TASK ITEM:
Look through the records below for the line with "lines w5: -692.91,-108.27 1166,-108.27". Return that line and each one after it up to and including the line with "at 953,20 h77.5", exactly.

THE DATA:
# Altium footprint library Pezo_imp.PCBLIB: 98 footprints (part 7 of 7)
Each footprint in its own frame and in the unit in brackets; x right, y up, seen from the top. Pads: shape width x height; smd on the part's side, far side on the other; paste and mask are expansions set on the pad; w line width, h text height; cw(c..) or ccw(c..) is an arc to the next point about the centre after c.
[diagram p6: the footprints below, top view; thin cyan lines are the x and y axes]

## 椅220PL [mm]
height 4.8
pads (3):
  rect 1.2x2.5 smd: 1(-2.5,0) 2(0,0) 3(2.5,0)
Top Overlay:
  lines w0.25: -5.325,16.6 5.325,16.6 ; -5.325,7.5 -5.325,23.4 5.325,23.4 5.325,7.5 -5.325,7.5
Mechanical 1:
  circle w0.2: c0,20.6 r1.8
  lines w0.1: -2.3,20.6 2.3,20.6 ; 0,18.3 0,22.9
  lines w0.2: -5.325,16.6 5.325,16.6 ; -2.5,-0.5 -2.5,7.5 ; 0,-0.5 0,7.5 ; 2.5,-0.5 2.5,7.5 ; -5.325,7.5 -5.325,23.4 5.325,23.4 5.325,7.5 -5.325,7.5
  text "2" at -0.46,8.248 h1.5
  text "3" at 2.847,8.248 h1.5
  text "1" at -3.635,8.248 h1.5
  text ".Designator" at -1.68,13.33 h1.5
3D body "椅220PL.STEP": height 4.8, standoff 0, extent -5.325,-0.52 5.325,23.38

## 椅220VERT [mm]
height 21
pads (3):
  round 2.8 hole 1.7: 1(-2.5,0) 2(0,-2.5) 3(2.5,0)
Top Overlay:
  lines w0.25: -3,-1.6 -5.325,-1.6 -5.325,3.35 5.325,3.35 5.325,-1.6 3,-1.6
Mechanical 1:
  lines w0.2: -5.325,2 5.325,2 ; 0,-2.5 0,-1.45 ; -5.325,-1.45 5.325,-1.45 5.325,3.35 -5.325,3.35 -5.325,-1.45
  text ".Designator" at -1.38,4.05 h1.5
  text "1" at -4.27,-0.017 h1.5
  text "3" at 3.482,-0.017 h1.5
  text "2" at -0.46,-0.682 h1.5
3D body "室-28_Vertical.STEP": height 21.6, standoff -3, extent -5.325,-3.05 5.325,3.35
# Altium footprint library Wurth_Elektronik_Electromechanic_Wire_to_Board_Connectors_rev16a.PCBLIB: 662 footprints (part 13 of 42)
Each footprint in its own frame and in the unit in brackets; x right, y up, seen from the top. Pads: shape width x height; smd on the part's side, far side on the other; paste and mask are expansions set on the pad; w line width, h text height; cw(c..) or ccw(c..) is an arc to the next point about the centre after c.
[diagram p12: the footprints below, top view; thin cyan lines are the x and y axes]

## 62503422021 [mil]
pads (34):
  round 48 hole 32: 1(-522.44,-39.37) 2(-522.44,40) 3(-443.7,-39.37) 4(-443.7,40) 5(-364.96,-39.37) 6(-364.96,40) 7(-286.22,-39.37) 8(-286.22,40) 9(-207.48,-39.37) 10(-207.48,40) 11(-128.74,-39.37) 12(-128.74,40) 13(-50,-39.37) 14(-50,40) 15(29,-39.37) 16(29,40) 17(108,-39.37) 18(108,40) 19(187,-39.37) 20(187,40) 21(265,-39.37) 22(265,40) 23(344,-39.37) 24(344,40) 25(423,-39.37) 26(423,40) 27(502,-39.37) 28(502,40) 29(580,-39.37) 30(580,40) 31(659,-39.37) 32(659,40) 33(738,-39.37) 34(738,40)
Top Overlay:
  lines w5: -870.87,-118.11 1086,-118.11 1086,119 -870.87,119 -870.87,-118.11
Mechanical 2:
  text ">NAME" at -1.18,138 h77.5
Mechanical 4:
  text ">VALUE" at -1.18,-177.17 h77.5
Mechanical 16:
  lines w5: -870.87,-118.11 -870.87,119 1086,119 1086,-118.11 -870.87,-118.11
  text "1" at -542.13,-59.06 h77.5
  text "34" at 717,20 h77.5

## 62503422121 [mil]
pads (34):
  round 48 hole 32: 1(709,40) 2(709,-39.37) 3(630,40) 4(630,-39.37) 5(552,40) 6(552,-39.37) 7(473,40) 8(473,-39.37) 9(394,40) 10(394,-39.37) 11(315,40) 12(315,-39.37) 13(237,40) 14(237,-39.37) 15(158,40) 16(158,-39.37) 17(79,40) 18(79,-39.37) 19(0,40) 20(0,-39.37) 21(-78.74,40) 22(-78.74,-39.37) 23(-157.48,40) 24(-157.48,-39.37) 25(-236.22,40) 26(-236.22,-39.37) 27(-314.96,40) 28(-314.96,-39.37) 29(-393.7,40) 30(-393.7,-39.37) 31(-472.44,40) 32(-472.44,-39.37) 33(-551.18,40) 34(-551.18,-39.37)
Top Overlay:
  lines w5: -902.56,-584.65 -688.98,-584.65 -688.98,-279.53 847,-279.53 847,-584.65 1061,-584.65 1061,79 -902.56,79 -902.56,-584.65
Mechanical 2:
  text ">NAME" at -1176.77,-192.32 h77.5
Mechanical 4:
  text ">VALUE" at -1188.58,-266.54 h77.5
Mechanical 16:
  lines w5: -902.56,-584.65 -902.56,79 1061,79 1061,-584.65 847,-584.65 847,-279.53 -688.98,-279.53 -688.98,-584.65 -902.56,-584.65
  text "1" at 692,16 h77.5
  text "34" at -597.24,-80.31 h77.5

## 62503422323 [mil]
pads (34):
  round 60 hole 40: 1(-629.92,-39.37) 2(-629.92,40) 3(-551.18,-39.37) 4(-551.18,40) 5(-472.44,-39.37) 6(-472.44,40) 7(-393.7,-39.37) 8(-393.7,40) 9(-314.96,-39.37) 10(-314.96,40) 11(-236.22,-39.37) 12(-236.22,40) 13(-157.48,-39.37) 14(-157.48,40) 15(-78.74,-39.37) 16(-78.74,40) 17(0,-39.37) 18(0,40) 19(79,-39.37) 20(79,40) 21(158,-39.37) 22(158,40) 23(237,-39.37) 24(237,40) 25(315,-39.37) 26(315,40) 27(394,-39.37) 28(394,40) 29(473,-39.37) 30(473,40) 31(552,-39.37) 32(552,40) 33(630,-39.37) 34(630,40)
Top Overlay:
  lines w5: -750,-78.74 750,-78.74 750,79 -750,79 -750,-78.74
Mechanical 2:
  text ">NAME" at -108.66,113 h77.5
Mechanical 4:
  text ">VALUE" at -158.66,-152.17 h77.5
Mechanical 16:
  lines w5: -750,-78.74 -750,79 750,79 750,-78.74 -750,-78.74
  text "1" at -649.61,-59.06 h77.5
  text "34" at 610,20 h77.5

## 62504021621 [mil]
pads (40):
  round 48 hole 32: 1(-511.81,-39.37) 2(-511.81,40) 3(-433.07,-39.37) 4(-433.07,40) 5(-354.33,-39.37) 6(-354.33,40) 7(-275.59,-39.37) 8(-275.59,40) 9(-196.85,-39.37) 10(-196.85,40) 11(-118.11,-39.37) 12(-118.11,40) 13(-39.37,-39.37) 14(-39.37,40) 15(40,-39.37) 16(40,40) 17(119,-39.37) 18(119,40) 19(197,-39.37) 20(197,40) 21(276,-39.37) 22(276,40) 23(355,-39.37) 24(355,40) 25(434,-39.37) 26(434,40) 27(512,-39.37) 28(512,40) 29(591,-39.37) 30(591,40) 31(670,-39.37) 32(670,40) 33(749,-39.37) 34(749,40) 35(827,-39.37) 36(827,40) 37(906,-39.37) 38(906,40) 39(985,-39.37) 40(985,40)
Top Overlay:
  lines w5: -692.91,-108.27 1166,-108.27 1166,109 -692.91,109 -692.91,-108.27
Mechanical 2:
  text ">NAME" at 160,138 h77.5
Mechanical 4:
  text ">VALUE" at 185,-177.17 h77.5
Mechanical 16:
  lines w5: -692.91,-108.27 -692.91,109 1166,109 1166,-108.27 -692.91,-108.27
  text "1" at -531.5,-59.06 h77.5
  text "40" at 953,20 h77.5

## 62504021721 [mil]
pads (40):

RESPONSE:
  lines w5: -692.91,-108.27 1166,-108.27 1166,109 -692.91,109 -692.91,-108.27
Mechanical 2:
  text ">NAME" at 160,138 h77.5
Mechanical 4:
  text ">VALUE" at 185,-177.17 h77.5
Mechanical 16:
  lines w5: -692.91,-108.27 -692.91,109 1166,109 1166,-108.27 -692.91,-108.27
  text "1" at -531.5,-59.06 h77.5
  text "40" at 953,20 h77.5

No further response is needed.